In the 1990s, further expansion of the school resulted in the building of the 'Tate Building' for science and technology, named after the founding headmaster, R. Neville Tate. At the same time, the 'Hunt Building' for History, Geography and English was built, named after and opened by the former governor of the Falkland Islands, Sir Rex Hunt. In conjunction with the 'Hunt building' the school also opened a new theatre, which was opened by Lord Briggs. Since the school's expansion in 2009, this has been turned into the school refectory.

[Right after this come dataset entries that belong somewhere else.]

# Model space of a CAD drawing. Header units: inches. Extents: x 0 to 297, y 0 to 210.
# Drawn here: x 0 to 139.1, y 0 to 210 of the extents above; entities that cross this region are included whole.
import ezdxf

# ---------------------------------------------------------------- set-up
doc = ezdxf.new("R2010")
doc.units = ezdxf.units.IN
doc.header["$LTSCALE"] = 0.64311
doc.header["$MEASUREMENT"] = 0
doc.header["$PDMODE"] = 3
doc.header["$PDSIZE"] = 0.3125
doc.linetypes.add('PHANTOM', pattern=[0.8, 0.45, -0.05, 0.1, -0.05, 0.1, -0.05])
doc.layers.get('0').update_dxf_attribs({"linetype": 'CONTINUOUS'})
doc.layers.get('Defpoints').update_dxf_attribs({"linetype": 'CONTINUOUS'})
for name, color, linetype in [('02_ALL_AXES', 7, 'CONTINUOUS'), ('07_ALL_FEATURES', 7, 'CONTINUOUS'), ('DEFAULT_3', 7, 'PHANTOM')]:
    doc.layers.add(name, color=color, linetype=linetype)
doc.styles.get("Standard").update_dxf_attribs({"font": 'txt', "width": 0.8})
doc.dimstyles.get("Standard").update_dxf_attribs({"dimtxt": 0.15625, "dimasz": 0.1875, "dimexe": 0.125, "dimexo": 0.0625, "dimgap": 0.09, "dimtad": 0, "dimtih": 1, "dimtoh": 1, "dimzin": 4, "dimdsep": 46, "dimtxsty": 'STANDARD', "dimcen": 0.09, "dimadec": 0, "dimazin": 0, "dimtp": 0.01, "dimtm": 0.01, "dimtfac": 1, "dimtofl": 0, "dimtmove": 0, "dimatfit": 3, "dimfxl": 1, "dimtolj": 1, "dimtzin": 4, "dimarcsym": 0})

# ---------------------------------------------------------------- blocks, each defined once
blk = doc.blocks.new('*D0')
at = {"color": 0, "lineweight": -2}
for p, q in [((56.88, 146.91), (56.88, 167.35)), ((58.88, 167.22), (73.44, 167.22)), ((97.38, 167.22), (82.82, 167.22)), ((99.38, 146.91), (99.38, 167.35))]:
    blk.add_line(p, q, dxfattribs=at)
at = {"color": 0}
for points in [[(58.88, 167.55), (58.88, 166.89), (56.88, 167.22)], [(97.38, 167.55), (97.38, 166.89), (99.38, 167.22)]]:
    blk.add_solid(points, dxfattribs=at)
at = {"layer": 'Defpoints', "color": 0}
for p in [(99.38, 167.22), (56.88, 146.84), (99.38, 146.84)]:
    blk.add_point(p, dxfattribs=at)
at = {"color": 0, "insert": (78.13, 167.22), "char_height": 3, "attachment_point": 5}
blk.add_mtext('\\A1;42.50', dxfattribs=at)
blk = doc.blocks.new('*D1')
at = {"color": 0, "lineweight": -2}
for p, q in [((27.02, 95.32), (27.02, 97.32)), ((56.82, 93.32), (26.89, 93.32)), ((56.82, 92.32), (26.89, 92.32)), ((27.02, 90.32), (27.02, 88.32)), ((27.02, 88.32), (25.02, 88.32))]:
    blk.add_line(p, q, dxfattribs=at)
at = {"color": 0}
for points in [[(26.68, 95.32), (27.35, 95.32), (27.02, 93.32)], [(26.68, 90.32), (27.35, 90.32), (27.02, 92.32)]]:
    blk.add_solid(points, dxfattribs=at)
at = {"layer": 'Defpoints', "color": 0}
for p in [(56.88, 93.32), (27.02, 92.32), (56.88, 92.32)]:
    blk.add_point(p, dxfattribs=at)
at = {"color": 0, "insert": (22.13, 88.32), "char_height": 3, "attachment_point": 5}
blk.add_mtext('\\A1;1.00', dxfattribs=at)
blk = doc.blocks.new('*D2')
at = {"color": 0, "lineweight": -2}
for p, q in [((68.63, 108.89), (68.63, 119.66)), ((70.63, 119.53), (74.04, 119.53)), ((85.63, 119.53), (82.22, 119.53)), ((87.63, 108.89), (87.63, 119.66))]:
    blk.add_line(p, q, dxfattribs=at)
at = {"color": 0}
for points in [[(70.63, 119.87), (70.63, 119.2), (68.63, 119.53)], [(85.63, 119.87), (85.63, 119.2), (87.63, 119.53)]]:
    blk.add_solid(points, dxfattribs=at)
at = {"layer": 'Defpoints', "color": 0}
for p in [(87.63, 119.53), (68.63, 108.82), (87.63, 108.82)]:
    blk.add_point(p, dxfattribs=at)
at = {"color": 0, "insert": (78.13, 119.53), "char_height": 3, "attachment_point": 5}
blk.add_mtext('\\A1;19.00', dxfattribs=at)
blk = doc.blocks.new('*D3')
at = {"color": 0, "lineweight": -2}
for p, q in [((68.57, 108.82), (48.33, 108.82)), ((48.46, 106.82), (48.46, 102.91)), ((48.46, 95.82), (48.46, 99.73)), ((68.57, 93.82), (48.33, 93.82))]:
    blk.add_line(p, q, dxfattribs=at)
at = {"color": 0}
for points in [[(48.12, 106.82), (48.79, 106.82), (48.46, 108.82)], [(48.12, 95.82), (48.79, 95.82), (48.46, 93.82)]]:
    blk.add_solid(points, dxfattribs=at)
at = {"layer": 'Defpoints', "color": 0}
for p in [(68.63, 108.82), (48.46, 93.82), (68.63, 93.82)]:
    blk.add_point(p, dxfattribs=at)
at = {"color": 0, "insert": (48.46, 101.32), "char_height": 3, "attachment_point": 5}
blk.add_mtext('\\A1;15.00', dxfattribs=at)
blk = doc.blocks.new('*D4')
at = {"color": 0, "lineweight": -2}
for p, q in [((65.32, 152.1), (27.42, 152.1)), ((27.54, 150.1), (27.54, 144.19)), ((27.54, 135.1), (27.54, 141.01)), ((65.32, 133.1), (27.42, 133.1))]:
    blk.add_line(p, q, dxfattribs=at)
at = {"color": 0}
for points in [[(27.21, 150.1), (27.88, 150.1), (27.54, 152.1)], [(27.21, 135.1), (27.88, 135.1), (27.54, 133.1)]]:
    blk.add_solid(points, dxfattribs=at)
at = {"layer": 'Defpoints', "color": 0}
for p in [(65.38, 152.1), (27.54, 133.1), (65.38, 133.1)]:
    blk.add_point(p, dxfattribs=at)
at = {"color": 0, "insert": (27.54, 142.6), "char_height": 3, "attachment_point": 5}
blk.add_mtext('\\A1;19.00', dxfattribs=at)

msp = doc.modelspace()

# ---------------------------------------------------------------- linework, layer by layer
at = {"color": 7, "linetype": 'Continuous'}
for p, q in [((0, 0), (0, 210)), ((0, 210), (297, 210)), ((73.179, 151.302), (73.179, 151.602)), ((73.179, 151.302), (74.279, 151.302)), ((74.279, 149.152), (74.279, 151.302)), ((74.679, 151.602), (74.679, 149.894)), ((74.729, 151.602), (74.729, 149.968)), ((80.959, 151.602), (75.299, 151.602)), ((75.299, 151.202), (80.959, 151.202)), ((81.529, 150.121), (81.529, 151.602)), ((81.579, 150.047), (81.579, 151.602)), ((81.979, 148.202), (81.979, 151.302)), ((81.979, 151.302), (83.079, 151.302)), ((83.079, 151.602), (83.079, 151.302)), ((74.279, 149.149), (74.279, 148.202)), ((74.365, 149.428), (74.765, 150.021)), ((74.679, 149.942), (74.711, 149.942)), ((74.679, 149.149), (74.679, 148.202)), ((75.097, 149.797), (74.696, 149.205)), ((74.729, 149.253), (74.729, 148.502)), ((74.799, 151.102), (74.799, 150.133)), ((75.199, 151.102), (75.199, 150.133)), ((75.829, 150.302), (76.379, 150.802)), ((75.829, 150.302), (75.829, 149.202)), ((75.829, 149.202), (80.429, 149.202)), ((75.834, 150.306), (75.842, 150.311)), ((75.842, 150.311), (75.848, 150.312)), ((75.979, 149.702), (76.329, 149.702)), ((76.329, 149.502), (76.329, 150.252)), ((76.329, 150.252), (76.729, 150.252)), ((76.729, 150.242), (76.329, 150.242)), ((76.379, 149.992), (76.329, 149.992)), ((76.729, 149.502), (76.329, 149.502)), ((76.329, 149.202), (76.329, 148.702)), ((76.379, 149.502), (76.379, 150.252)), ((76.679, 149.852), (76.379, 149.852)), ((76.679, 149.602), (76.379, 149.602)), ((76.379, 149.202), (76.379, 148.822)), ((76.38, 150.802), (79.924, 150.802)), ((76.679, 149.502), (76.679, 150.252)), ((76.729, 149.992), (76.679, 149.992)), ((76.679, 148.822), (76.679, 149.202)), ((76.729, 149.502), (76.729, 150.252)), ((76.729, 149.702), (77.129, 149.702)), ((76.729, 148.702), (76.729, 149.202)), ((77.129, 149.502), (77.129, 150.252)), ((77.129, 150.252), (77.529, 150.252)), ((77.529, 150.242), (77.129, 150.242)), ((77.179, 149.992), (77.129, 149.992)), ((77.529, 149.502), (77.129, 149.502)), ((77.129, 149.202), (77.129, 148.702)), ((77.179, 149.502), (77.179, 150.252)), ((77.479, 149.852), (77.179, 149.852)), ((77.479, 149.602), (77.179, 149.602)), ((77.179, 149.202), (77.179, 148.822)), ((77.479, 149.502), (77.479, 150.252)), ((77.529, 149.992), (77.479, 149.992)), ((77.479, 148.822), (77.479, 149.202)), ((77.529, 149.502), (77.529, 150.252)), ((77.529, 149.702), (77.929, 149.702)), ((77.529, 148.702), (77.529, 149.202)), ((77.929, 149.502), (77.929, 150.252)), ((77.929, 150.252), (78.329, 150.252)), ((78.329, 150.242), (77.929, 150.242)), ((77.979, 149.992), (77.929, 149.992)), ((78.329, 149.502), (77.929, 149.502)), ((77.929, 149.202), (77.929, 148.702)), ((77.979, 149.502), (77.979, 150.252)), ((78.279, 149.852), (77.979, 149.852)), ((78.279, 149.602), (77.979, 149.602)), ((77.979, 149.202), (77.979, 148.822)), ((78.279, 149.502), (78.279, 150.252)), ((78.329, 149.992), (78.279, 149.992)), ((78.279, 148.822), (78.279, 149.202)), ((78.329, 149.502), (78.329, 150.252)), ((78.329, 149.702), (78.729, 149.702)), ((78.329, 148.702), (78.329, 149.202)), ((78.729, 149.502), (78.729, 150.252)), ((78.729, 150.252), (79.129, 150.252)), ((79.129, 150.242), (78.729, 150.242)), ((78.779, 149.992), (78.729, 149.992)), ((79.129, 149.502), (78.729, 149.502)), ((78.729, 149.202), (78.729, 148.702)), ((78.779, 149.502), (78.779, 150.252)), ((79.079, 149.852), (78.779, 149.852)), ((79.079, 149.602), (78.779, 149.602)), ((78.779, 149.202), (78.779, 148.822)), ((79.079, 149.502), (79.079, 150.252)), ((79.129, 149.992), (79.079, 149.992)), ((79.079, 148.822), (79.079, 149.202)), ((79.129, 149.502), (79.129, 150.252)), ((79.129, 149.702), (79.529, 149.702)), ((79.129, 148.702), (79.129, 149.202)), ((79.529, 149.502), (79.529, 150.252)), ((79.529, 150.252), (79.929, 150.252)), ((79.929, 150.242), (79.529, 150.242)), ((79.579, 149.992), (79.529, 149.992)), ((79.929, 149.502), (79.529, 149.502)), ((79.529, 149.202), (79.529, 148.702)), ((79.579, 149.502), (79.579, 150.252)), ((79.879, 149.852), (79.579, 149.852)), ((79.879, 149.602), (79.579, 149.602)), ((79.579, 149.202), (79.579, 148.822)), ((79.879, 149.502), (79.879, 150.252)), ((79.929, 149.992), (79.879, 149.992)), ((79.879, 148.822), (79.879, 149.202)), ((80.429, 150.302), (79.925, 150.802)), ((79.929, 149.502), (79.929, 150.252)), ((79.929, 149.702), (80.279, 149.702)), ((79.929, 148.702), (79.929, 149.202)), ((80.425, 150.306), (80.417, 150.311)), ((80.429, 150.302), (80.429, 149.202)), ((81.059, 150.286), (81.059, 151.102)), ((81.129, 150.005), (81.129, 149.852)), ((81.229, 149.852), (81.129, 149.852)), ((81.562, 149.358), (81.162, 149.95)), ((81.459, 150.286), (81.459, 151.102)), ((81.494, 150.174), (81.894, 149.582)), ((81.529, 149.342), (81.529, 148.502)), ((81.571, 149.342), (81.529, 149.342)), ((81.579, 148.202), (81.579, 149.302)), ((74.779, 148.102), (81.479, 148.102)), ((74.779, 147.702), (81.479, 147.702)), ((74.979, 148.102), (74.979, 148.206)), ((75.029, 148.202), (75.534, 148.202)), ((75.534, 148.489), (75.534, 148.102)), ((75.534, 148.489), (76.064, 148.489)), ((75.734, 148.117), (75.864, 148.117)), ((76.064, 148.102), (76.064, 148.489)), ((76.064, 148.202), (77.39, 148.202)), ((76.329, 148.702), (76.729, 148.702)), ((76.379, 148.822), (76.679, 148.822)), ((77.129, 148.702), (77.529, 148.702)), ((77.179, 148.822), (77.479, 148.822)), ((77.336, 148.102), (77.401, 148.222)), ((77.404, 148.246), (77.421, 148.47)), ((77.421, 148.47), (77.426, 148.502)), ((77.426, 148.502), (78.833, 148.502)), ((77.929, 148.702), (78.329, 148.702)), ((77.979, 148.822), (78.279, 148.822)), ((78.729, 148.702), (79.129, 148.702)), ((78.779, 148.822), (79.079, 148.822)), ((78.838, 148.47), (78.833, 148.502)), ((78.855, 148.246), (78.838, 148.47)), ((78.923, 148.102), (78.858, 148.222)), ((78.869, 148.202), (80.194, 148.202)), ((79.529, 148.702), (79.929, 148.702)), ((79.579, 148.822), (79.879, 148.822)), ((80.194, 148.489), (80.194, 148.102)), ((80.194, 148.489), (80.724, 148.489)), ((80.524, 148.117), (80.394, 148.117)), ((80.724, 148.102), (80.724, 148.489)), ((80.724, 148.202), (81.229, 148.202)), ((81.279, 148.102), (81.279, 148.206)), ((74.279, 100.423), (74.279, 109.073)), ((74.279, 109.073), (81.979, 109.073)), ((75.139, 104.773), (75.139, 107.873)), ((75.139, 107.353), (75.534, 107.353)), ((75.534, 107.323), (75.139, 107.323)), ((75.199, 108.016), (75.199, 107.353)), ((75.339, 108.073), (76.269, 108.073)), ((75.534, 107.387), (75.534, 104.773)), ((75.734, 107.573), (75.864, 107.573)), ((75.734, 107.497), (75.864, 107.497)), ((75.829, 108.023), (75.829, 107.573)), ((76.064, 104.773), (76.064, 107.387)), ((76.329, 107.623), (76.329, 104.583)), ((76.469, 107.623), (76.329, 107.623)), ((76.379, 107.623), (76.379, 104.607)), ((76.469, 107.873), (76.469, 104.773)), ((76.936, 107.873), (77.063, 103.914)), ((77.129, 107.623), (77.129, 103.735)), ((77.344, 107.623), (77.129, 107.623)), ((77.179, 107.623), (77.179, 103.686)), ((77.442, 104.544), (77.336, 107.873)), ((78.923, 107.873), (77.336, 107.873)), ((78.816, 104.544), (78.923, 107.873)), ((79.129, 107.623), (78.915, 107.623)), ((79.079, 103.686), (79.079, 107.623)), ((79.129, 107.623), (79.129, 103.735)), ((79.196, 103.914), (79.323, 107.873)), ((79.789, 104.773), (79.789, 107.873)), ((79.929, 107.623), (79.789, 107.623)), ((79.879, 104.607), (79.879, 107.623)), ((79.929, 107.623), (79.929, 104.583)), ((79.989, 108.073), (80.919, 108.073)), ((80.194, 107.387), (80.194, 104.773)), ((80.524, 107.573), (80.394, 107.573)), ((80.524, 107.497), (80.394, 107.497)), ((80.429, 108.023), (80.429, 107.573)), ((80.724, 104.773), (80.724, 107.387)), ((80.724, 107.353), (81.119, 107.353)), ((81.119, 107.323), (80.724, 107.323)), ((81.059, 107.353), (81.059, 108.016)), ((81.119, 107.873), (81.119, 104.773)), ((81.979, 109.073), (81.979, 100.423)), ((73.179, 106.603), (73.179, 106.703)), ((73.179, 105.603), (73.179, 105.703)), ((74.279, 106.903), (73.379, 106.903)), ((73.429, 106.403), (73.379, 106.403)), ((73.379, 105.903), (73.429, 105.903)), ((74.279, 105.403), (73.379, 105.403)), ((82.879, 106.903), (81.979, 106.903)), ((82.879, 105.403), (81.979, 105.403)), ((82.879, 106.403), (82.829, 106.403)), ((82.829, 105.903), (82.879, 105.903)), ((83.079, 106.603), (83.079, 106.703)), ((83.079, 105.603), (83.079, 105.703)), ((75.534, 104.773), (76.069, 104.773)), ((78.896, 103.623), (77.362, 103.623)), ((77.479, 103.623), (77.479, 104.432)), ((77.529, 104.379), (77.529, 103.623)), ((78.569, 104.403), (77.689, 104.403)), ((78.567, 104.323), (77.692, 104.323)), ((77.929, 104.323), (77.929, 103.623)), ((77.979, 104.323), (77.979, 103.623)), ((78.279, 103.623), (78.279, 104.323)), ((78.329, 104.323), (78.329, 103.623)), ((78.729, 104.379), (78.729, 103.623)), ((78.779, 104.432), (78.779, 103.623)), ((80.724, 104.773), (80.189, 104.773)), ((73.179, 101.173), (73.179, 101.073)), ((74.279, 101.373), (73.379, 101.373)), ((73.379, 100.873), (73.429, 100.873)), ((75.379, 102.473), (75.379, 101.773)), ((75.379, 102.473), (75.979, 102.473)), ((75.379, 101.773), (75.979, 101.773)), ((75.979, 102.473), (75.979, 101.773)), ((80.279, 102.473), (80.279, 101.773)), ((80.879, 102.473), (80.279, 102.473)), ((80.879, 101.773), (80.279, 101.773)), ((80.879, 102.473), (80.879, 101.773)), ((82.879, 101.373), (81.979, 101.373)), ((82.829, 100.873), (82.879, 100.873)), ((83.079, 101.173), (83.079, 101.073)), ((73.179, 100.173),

In 2009, the School was granted permission to build £20 million worth of new facilities to the school's existing site. Whilst there were developments to the preparatory school such as the building of new multi-use sports pitches and extending the school's pre-prep facilities, the majority of investment was on the School's main site by the river. This included the development of a new dining hall and construction of new class rooms alongside the riverside. The school invited Princess Alexandra to open its auditorium. The school has received praise for the new development from the Royal Institute of British Architects. The new development houses classrooms for English, Modern Languages and Economics.

== Curriculum ==
The school teaches subjects towards the International General Certificate of Secondary Education and GCSE qualifications, including English Language and English Literature, Mathematics, Sciences, and Languages (at least one of French, German, Spanish, or Latin).
Aside from compulsory subjects, students are able to study History, Geography, Classics, Religious Studies, Music, Art, Computer Science and Design Technology (specialising in Electronics, Resistant Materials and Textiles). Some GCSEs can be studied outside of curriculum time, including General Studies and Russian.

Yarm Sixth Form requires all students to take at least 3 A-Level subjects (Four A-Levels can be taken if Further Mathematics is included with Mathematics) and includes Extended Project Qualification in the curriculum. A-levels are taken in Humanities, sciences, creative arts and social sciences

In 2012 the school was listed for A-levels, as the 20th most successful independent school in the country by The Independent. In 2019 Yarm School was recognised as the top performing school in Teesside and County Durham for its A-level results by The Gazette.

Sports include rowing, rugby, cricket, hockey, netball, rounders, football, tennis, kayaking, climbing and canoeing; partaking in sport or outdoor education is compulsory.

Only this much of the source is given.